At the end of regulation, the game was tied 2-2, and went to penalty kicks. Each team made its first eight. Their goalie stopped our ninth, and the game was over—and, for us, the tournament, too.
Tears.
But later that evening, a complete emotional recovery …
… though Coach J.D. Jones fell into a deep slumber sitting up in the lobby, hugging in his lap, the soccer ball the girls had signed and given to him.
And on Saturday morning, a long, rainy and quiet ride back to a disorienting reality wherein we weren't just actually at the World Cup, where there would be no ticker tape parade in New York and no appearances on Anderson Cooper 360. And where, as I had to actually declare to Scout at one point this week, "I am not just the jagoff who drives you around!"

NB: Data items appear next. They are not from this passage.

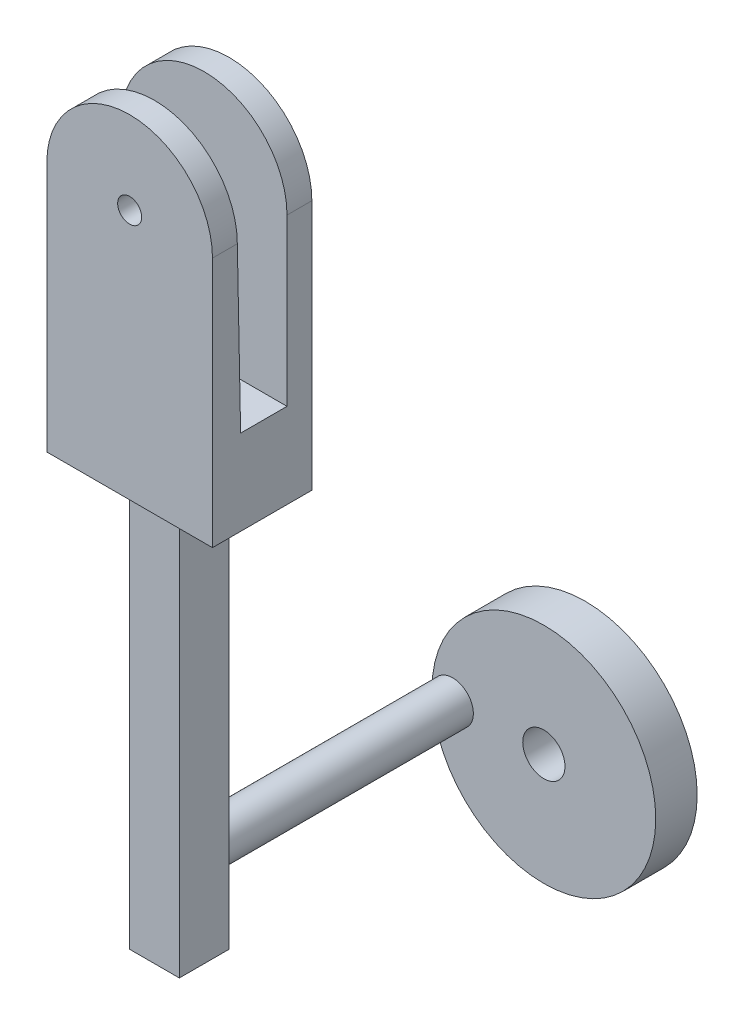
ISO-10303-21;
HEADER;
FILE_DESCRIPTION(('STEP AP214'),'2;1');
FILE_NAME('part.step','',(''),(''),'','','');
FILE_SCHEMA(('AUTOMOTIVE_DESIGN { 1 0 10303 214 1 1 1 1 }'));
ENDSEC;
DATA;
#1=APPLICATION_CONTEXT('core data for automotive mechanical design processes');
#2=APPLICATION_PROTOCOL_DEFINITION('international standard','automotive_design',2000,#1);
#3=PRODUCT_CONTEXT('',#1,'mechanical');
#4=PRODUCT('Part','Part','',(#3));
#5=PRODUCT_RELATED_PRODUCT_CATEGORY('part','',(#4));
#6=PRODUCT_DEFINITION_FORMATION('','',#4);
#7=PRODUCT_DEFINITION_CONTEXT('part definition',#1,'design');
#8=PRODUCT_DEFINITION('design','',#6,#7);
#9=PRODUCT_DEFINITION_SHAPE('','',#8);
#10=(LENGTH_UNIT() NAMED_UNIT(*) SI_UNIT(.MILLI.,.METRE.));
#11=(NAMED_UNIT(*) PLANE_ANGLE_UNIT() SI_UNIT($,.RADIAN.));
#12=(NAMED_UNIT(*) SI_UNIT($,.STERADIAN.) SOLID_ANGLE_UNIT());
#13=UNCERTAINTY_MEASURE_WITH_UNIT(LENGTH_MEASURE(1.E-05),#10,'distance_accuracy_value','');
#14=(GEOMETRIC_REPRESENTATION_CONTEXT(3) GLOBAL_UNCERTAINTY_ASSIGNED_CONTEXT((#13)) GLOBAL_UNIT_ASSIGNED_CONTEXT((#10,
#11,#12)) REPRESENTATION_CONTEXT('',''));
#15=CARTESIAN_POINT('',(0.,0.,0.));
#16=DIRECTION('',(0.,0.,1.));
#17=DIRECTION('',(1.,0.,0.));
#18=AXIS2_PLACEMENT_3D('',#15,#16,#17);
#19=CARTESIAN_POINT('',(0.,-30.2764175480678,12.));
#20=DIRECTION('',(0.,1.,0.));
#21=DIRECTION('',(0.,0.,1.));
#22=AXIS2_PLACEMENT_3D('',#19,#20,#21);
#23=PLANE('',#22);
#24=DIRECTION('',(1.,0.,0.));
#25=VECTOR('',#24,1.);
#26=CARTESIAN_POINT('',(0.,-30.2764175480678,0.));
#27=LINE('',#26,#25);
#28=CARTESIAN_POINT('',(-10.,-30.2764175480678,0.));
#29=VERTEX_POINT('',#28);
#30=CARTESIAN_POINT('',(10.,-30.2764175480678,0.));
#31=VERTEX_POINT('',#30);
#32=EDGE_CURVE('E212',#29,#31,#27,.T.);
#33=ORIENTED_EDGE('',*,*,#32,.T.);
#34=DIRECTION('',(0.,0.,-1.));
#35=VECTOR('',#34,1.);
#36=CARTESIAN_POINT('',(10.,-30.2764175480678,12.));
#37=LINE('',#36,#35);
#38=CARTESIAN_POINT('',(10.,-30.2764175480678,12.));
#39=VERTEX_POINT('',#38);
#40=EDGE_CURVE('E221',#39,#31,#37,.T.);
#41=ORIENTED_EDGE('',*,*,#40,.F.);
#42=DIRECTION('',(1.,0.,0.));
#43=VECTOR('',#42,1.);
#44=CARTESIAN_POINT('',(0.,-30.2764175480678,12.));
#45=LINE('',#44,#43);
#46=CARTESIAN_POINT('',(-10.,-30.2764175480678,12.));
#47=VERTEX_POINT('',#46);
#48=EDGE_CURVE('E219',#47,#39,#45,.T.);
#49=ORIENTED_EDGE('',*,*,#48,.F.);
#50=DIRECTION('',(0.,0.,-1.));
#51=VECTOR('',#50,1.);
#52=CARTESIAN_POINT('',(-10.,-30.2764175480678,12.));
#53=LINE('',#52,#51);
#54=EDGE_CURVE('E235',#47,#29,#53,.T.);
#55=ORIENTED_EDGE('',*,*,#54,.T.);
#56=EDGE_LOOP('',(#33,#41,#49,#55));
#57=FACE_BOUND('',#56,.T.);
#58=DIRECTION('',(-1.,0.,0.));
#59=VECTOR('',#58,1.);
#60=CARTESIAN_POINT('',(3.,-30.2764175480678,9.));
#61=LINE('',#60,#59);
#62=CARTESIAN_POINT('',(3.,-30.2764175480678,9.));
#63=VERTEX_POINT('',#62);
#64=CARTESIAN_POINT('',(-3.,-30.2764175480678,9.));
#65=VERTEX_POINT('',#64);
#66=EDGE_CURVE('E53',#63,#65,#61,.T.);
#67=ORIENTED_EDGE('',*,*,#66,.F.);
#68=DIRECTION('',(0.,0.,-1.));
#69=VECTOR('',#68,1.);
#70=CARTESIAN_POINT('',(3.,-30.2764175480678,9.));
#71=LINE('',#70,#69);
#72=CARTESIAN_POINT('',(3.,-30.2764175480678,3.));
#73=VERTEX_POINT('',#72);
#74=EDGE_CURVE('E58',#63,#73,#71,.T.);
#75=ORIENTED_EDGE('',*,*,#74,.T.);
#76=DIRECTION('',(-1.,0.,0.));
#77=VECTOR('',#76,1.);
#78=CARTESIAN_POINT('',(3.,-30.2764175480678,3.));
#79=LINE('',#78,#77);
#80=CARTESIAN_POINT('',(-3.,-30.2764175480678,3.));
#81=VERTEX_POINT('',#80);
#82=EDGE_CURVE('E165',#73,#81,#79,.T.);
#83=ORIENTED_EDGE('',*,*,#82,.T.);
#84=DIRECTION('',(0.,0.,-1.));
#85=VECTOR('',#84,1.);
#86=CARTESIAN_POINT('',(-3.,-30.2764175480678,9.));
#87=LINE('',#86,#85);
#88=EDGE_CURVE('E142',#65,#81,#87,.T.);
#89=ORIENTED_EDGE('',*,*,#88,.F.);
#90=EDGE_LOOP('',(#67,#75,#83,#89));
#91=FACE_BOUND('',#90,.T.);
#92=ADVANCED_FACE('F36',(#57,#91),#23,.F.);
#93=CARTESIAN_POINT('',(10.,0.,12.));
#94=DIRECTION('',(-1.,0.,0.));
#95=DIRECTION('',(0.,-1.,0.));
#96=AXIS2_PLACEMENT_3D('',#93,#94,#95);
#97=PLANE('',#96);
#98=DIRECTION('',(0.,-1.,0.));
#99=VECTOR('',#98,1.);
#100=CARTESIAN_POINT('',(10.,0.,3.));
#101=LINE('',#100,#99);
#102=CARTESIAN_POINT('',(10.,0.,3.));
#103=VERTEX_POINT('',#102);
#104=CARTESIAN_POINT('',(10.,-20.,3.));
#105=VERTEX_POINT('',#104);
#106=EDGE_CURVE('E177',#103,#105,#101,.T.);
#107=ORIENTED_EDGE('',*,*,#106,.T.);
#108=DIRECTION('',(0.,0.,-1.));
#109=VECTOR('',#108,1.);
#110=CARTESIAN_POINT('',(10.,-20.,0.));
#111=LINE('',#110,#109);
#112=CARTESIAN_POINT('',(10.,-20.,8.60053372982809));
#113=VERTEX_POINT('',#112);
#114=EDGE_CURVE('E181',#113,#105,#111,.T.);
#115=ORIENTED_EDGE('',*,*,#114,.F.);
#116=DIRECTION('',(0.,-0.999800593034313,-0.0199693306907542));
#117=VECTOR('',#116,1.);
#118=CARTESIAN_POINT('',(10.,-0.179688138004029,8.99641103248587));
#119=LINE('',#118,#117);
#120=CARTESIAN_POINT('',(10.,0.,9.));
#121=VERTEX_POINT('',#120);
#122=EDGE_CURVE('E190',#121,#113,#119,.T.);
#123=ORIENTED_EDGE('',*,*,#122,.F.);
#124=DIRECTION('',(0.,0.,-1.));
#125=VECTOR('',#124,1.);
#126=CARTESIAN_POINT('',(10.,0.,12.));
#127=LINE('',#126,#125);
#128=CARTESIAN_POINT('',(10.,0.,12.));
#129=VERTEX_POINT('',#128);
#130=EDGE_CURVE('E243',#129,#121,#127,.T.);
#131=ORIENTED_EDGE('',*,*,#130,.F.);
#132=DIRECTION('',(0.,1.,0.));
#133=VECTOR('',#132,1.);
#134=CARTESIAN_POINT('',(10.,0.,12.));
#135=LINE('',#134,#133);
#136=EDGE_CURVE('E211',#39,#129,#135,.T.);
#137=ORIENTED_EDGE('',*,*,#136,.F.);
#138=ORIENTED_EDGE('',*,*,#40,.T.);
#139=DIRECTION('',(0.,1.,0.));
#140=VECTOR('',#139,1.);
#141=CARTESIAN_POINT('',(10.,0.,0.));
#142=LINE('',#141,#140);
#143=CARTESIAN_POINT('',(10.,0.,0.));
#144=VERTEX_POINT('',#143);
#145=EDGE_CURVE('E224',#31,#144,#142,.T.);
#146=ORIENTED_EDGE('',*,*,#145,.T.);
#147=EDGE_CURVE('E242',#103,#144,#127,.T.);
#148=ORIENTED_EDGE('',*,*,#147,.F.);
#149=EDGE_LOOP('',(#107,#115,#123,#131,#137,#138,#146,#148));
#150=FACE_BOUND('',#149,.T.);
#151=ADVANCED_FACE('F295',(#150),#97,.F.);
#152=CARTESIAN_POINT('',(0.,0.,12.));
#153=DIRECTION('',(0.,0.,-1.));
#154=DIRECTION('',(-1.,0.,0.));
#155=AXIS2_PLACEMENT_3D('',#152,#153,#154);
#156=CYLINDRICAL_SURFACE('',#155,10.);
#157=CARTESIAN_POINT('',(0.,0.,3.));
#158=DIRECTION('',(0.,0.,1.));
#159=DIRECTION('',(1.,0.,0.));
#160=AXIS2_PLACEMENT_3D('',#157,#158,#159);
#161=CIRCLE('',#160,10.);
#162=CARTESIAN_POINT('',(-10.,0.,3.));
#163=VERTEX_POINT('',#162);
#164=EDGE_CURVE('E205',#103,#163,#161,.T.);
#165=ORIENTED_EDGE('',*,*,#164,.F.);
#166=ORIENTED_EDGE('',*,*,#147,.T.);
#167=CARTESIAN_POINT('',(0.,0.,0.));
#168=DIRECTION('',(0.,0.,1.));
#169=DIRECTION('',(1.,0.,0.));
#170=AXIS2_PLACEMENT_3D('',#167,#168,#169);
#171=CIRCLE('',#170,10.);
#172=CARTESIAN_POINT('',(-10.,0.,0.));
#173=VERTEX_POINT('',#172);
#174=EDGE_CURVE('E227',#144,#173,#171,.T.);
#175=ORIENTED_EDGE('',*,*,#174,.T.);
#176=DIRECTION('',(0.,0.,-1.));
#177=VECTOR('',#176,1.);
#178=CARTESIAN_POINT('',(-10.,0.,12.));
#179=LINE('',#178,#177);
#180=EDGE_CURVE('E238',#163,#173,#179,.T.);
#181=ORIENTED_EDGE('',*,*,#180,.F.);
#182=EDGE_LOOP('',(#165,#166,#175,#181));
#183=FACE_BOUND('',#182,.T.);
#184=ADVANCED_FACE('F266',(#183),#156,.T.);
#185=CARTESIAN_POINT('',(0.,0.,9.));
#186=DIRECTION('',(0.,0.,-1.));
#187=DIRECTION('',(-1.,0.,0.));
#188=AXIS2_PLACEMENT_3D('',#185,#186,#187);
#189=CIRCLE('',#188,10.);
#190=CARTESIAN_POINT('',(-10.,0.,9.));
#191=VERTEX_POINT('',#190);
#192=EDGE_CURVE('E197',#191,#121,#189,.T.);
#193=ORIENTED_EDGE('',*,*,#192,.F.);
#194=CARTESIAN_POINT('',(-10.,0.,12.));
#195=VERTEX_POINT('',#194);
#196=EDGE_CURVE('E239',#195,#191,#179,.T.);
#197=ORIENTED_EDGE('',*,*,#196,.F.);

"Seeing the bond that these girls from seven different teams developed over the 12 days has been more than I could have hoped for," parent organizer Karen Nicol wrote in a note to all the parents who will inevitably all agree. Her daughter, she said, "has had many years under JD’s guidance, and I’ve never known someone to impact her life the way he does. The knowledge, guidance, mentorship and most of all friendship he gives to her warms my soul. Helping JD put this together is my way of making sure he gets shared around to have that impact on other young girls, so that their knowledge of self and belief that they can do anything together becomes unquestionable. From what I saw over these 12 days, he has left a mark on all 17 girls that will forever stay with them. And that is why I do this year after year."
However decadent, depraved they may be—these are the good old days.
Craig Davis says
Great reporting of a fun story, Dave!